Маттиаса привлекала смерть, в этом было что-то почти чувственное. Он показал мне целую картотеку, заполненную фотографиями убийств, тел, лежащих на дороге в странных позах, стен, забрызганных кровью, снимок девочки в машине — казалось, она спит с открытыми глазами. Он гладил прозрачные папки, в которых хранились фотографии, с нежностью.


Однажды я попытался объяснить ему. Скорее всего, травка, которую мы покурили, настраивала на метафизический лад, и я тихо сказал ему: «Она не умерла, я бы знал, если бы она умерла». Он резко выпрямился и прислонился к спинке дивана с горящими от возбуждения глазами. Я продолжал:

— Но она и не жива. Она стала некой сущностью. Она в воздухе (я стал делать пассы у нас над головой), она везде — в небе над озером, в камышах, которые начинают качаться в безветрие. Она в воде, в рыбьих стайках под пристанью (я чувствовал, как к голове прилила кровь, и поймал себя на том, что говорю сбивчиво, но не мог остановиться, а Маттиас пристально смотрел на меня), иногда она становится лебедем. Я иду на галечный пляж, жду, и — раз! — через несколько минут появляется она, плывет себе медленно. И вижу, что она глядит на меня.

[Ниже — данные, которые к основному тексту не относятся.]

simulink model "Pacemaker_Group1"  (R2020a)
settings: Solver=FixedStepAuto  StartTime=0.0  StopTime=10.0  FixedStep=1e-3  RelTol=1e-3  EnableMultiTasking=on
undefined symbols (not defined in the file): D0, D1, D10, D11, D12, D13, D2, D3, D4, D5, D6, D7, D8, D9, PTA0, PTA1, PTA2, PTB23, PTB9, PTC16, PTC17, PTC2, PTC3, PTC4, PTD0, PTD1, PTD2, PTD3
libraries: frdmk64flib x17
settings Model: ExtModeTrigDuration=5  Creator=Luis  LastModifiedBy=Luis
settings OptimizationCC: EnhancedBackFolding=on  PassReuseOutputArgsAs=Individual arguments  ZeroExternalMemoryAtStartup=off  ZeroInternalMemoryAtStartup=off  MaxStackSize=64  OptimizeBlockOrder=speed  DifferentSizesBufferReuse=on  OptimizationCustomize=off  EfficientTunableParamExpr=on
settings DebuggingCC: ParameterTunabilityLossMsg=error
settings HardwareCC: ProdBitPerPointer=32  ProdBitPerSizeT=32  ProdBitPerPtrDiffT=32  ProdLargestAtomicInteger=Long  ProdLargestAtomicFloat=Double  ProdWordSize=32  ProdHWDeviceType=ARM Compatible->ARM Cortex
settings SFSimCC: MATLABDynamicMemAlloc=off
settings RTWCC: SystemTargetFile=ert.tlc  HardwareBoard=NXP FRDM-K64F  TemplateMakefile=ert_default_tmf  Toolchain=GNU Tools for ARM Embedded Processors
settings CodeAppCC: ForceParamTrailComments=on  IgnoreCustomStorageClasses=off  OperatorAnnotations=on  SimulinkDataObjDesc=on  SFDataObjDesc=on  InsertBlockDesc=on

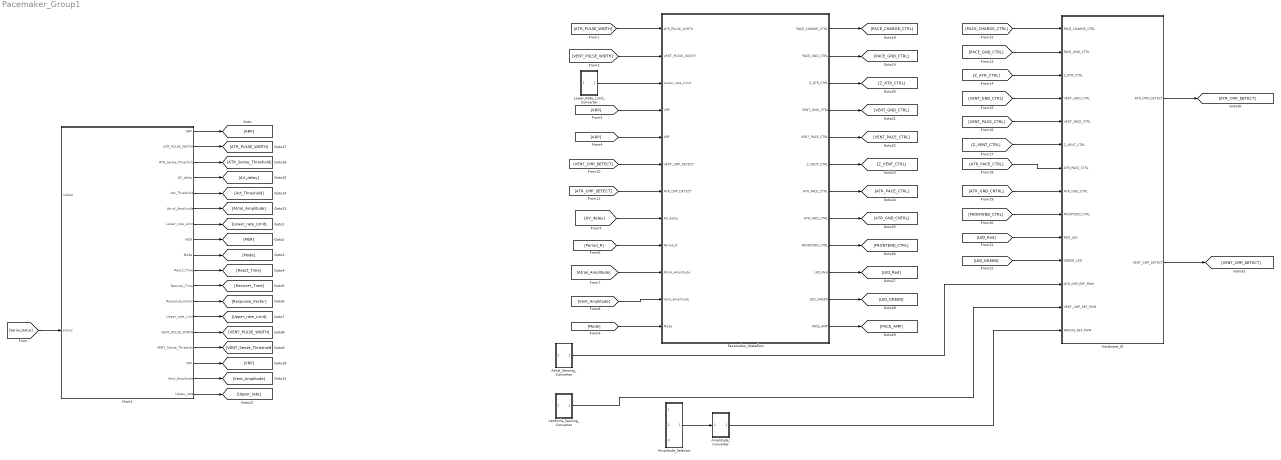
== system Pacemaker_Group1 ==
  Amplitude_Converter : Subsystem
  Amplitude_Selector : Subsystem
  Atrial_Sensing_Converter : Subsystem
  Chart1 : Stateflow chart  TreatAsAtomicUnit=on
  Hardware_IO : Subsystem
  Lower_Rate_Limit_Converter : Subsystem
  "Pacemaker_Stateflow " : Stateflow chart  TreatAsAtomicUnit=on
      settings: PortSchema="{\"entries\":[{\"content\":{\"sides\":[{\"content\":{\"connectorIds\":[\"In1\",\"In4\",\"In2\",\"In5\",\"In6\",\"In7\",\"In8\",\"In9\",\"In10\",\"In11\",\"In12\",\"In3\"]},\"type\":\"ConnectorPlacement.EquallySpacedRectSide\",\"uuid\":\"f97b12ff-cb00-4386-a373-7143c3a8b48d\"},{\"content\":{\"connectorIds\":[\"Out1\",\"Out2\",\"Out3\",\"Out4\",\"Out5\",\"Out6\",\"Out7\",\"Out8\",\"Out9\",\"Out10\",\"Out11\",\"Out12\"],\"side\":\"RIGHT\"},\"type\":\"ConnectorPlacement.EquallySpacedRectSide\",\"uuid\":\"90163773-f9d1-46de-bd72-9589b8539202\"},{\"content\":{\"connectorIds\":[],\"side\":\"TOP\"},\"type\":\"ConnectorPlacement.EquallySpacedRectSide\",\"uuid\":\"f8a54119-a7c4-4071-8260-df405210e670\"},{\"content\":{\"connectorIds\":[],\"side\":\"BOTTOM\"},\"type\":\"ConnectorPlacement.EquallySpacedRectSide\",\"uuid\":\"70f9d800-d0b8-46e1-812e-9f4712f7acbd\"}]},\"type\":\"ConnectorPlacement.EquallySpacedConnector\",\"uuid\":\"47f7c40c-c42b-42f7-beed-99d299c6cdee\"}],\"packageUris\":[\"http://schema.mathworks.com/mf0/Connector/19700101\"],\"version\":\"1.0\"}"
  Ventricle_Sensing_Converter : Subsystem
  wires:
  Lower_Rate_Limit_Converter/1(Out1) -> "Pacemaker_Stateflow "/2(Lower_rate_Limit)
  Amplitude_Selector/1(Out1) -> Amplitude_Converter/1(In1)
  Ventricle_Sensing_Converter/1(Out1) -> Hardware_IO/13(VENT_CMP_REF_PWM)
  Amplitude_Converter/1(Out1) -> Hardware_IO/14(PACING_REF_PWM)
  Atrial_Sensing_Converter/1(Out1) -> Hardware_IO/12(ATR_CMP_REF_PWM)
  Chart1/1(ARP) -> [ARP]
  Chart1/18(Upper_rate) -> [Upper_rate]
  Chart1/17(Vent_Amplitude) -> [Vent_Amplitude]
  Chart1/16(VRP) -> [VRP]
  Chart1/15(VENT_Sense_Threshold) -> [VENT_Sense_Threshold]
  Chart1/14(VENT_PULSE_WIDTH) -> [VENT_PULSE_WIDTH]
  Chart1/13(Upper_rate_Limit) -> [Upper_rate_Limit]
  Chart1/12(Response_Factor) -> [Response_Factor]
  Chart1/11(Recover_Time) -> [Recover_Time]
  Chart1/10(React_Time) -> [React_Time]
  Chart1/9(Mode) -> [Mode]
  Chart1/8(MSR) -> [MSR]
  Chart1/7(Lower_rate_Limit) -> [Lower_rate_Limit]
  Chart1/5(Act_Threshold) -> [Act_Threshold]
  Chart1/6(Atrial_Amplitude) -> [Atrial_Amplitude]
  Chart1/4(AV_delay) -> [AV_delay]
  Chart1/3(ATR_Sense_Threshold) -> [ATR_Sense_Threshold]
  Chart1/2(ATR_PULSE_WIDTH) -> [ATR_PULSE_WIDTH]
  [Serial_status] -> Chart1/2(status)
  [Mode] -> "Pacemaker_Stateflow "/3(Mode)
  [Vent_Amplitude] -> "Pacemaker_Stateflow "/12(Vent_Amplitude)
  [Atrial_Amplitude] -> "Pacemaker_Stateflow "/11(Atrial_Amplitude)
  [Period_R] -> "Pacemaker_Stateflow "/10(Period_R)
  [AV_delay] -> "Pacemaker_Stateflow "/9(AV_delay)
  [ARP] -> "Pacemaker_Stateflow "/6(ARP)
  [VRP] -> "Pacemaker_Stateflow "/5(VRP)
  [VENT_PULSE_WIDTH] -> "Pacemaker_Stateflow "/4(VENT_PULSE_WIDTH)
  [ATR_PULSE_WIDTH] -> "Pacemaker_Stateflow "/1(ATR_PULSE_WIDTH)
  [ATR_CMP_DETECT] -> "Pacemaker_Stateflow "/8(ATR_CMP_DETECT)
  [VENT_CMP_DETECT] -> "Pacemaker_Stateflow "/7(VENT_CMP_DETECT)
  "Pacemaker_Stateflow "/1(PACE_CHARGE_CTRL) -> [PACE_CHARGE_CTRL]
  "Pacemaker_Stateflow "/2(PACE_GND_CTRL) -> [PACE_GND_CTRL]
  "Pacemaker_Stateflow "/3(Z_ATR_CTRL) -> [Z_ATR_CTRL]
  "Pacemaker_Stateflow "/4(VENT_GND_CTRL) -> [VENT_GND_CTRL]
  "Pacemaker_Stateflow "/5(VENT_PACE_CTRL) -> [VENT_PACE_CTRL]
  "Pacemaker_Stateflow "/6(Z_VENT_CTRL) -> [Z_VENT_CTRL]
  "Pacemaker_Stateflow "/7(ATR_PACE_CTRL) -> [ATR_PACE_CTRL]
  "Pacemaker_Stateflow "/8(ATR_GND_CTRL) -> [ATR_GND_CNTRL]
  "Pacemaker_Stateflow "/9(FRONTEND_CTRL) -> [FRONTEND_CTRL]
  "Pacemaker_Stateflow "/10(LED_Red) -> [LED_Red]
  "Pacemaker_Stateflow "/11(LED_GREEN) -> [LED_GREEN]
  "Pacemaker_Stateflow "/12(PACE_AMP) -> [PACE_AMP]
  [PACE_CHARGE_CTRL] -> Hardware_IO/1(PACE_CHARGE_CTRL)
  [PACE_GND_CTRL] -> Hardware_IO/2(PACE_GND_CTRL)
  [Z_ATR_CTRL] -> Hardware_IO/3(Z_ATR_CTRL)
  [VENT_GND_CTRL] -> Hardware_IO/4(VENT_GND_CTRL)
  [VENT_PACE_CTRL] -> Hardware_IO/5(VENT_PACE_CTRL)
  [Z_VENT_CTRL] -> Hardware_IO/6(Z_VENT_CTRL)
  [ATR_PACE_CTRL] -> Hardware_IO/7(ATR_PACE_CTRL)
  [ATR_GND_CNTRL] -> Hardware_IO/8(ATR_GND_CTRL)
  [FRONTEND_CTRL] -> Hardware_IO/9(FRONTEND_CTRL)
  [LED_Red] -> Hardware_IO/10(RED_LED)
  [LED_GREEN] -> Hardware_IO/11(GREEN_LED)
  Hardware_IO/1(ATR_CMP_DETECT) -> [ATR_CMP_DETECT]
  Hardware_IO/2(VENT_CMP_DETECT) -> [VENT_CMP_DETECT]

Я поднял глаза на Маттиаса.

— Я знаю, что это она, и она знает, что я знаю.

Маттиас посидел неподвижно с открытым ртом, потом сказал задумчиво и уважительно:

— Ты обкурился.


В другой раз я застал его в комнате Саммер, он лежал на кровати в своих огромных ботах, которые больше годились для походов. Я заорал: «Быстро встал, черт!» Он медленно сполз на пол, потом поднялся, тоже очень медленно и демонстративно — дескать, приказам не подчиняюсь! — и пошел к фотографиям, прикнопленным над прибранным письменным столом — на нем по-прежнему лежали школьные учебники сестры и стояли пустые подставки под карандаши и ручки. Снимки немного повело от времени. «Вау, черненькая тоже ничего так», — воскликнул Маттиас и потянул губы к парному портрету Саммер и Джил.

Потом увидел выражение моего лица и отпрянул.

Мы молча вышли из комнаты. Я закрыл дверь и мягко повернул ручку, как будто там оставался спящий младенец.


На самом деле Маттиас удивлял меня: казалось, ему ничего не интересно — ни он сам, ни его будущее, — он шел по жизни, чуть иронично улыбаясь, словно обладал естественным превосходством над остальными и смотрел весь на мир свысока.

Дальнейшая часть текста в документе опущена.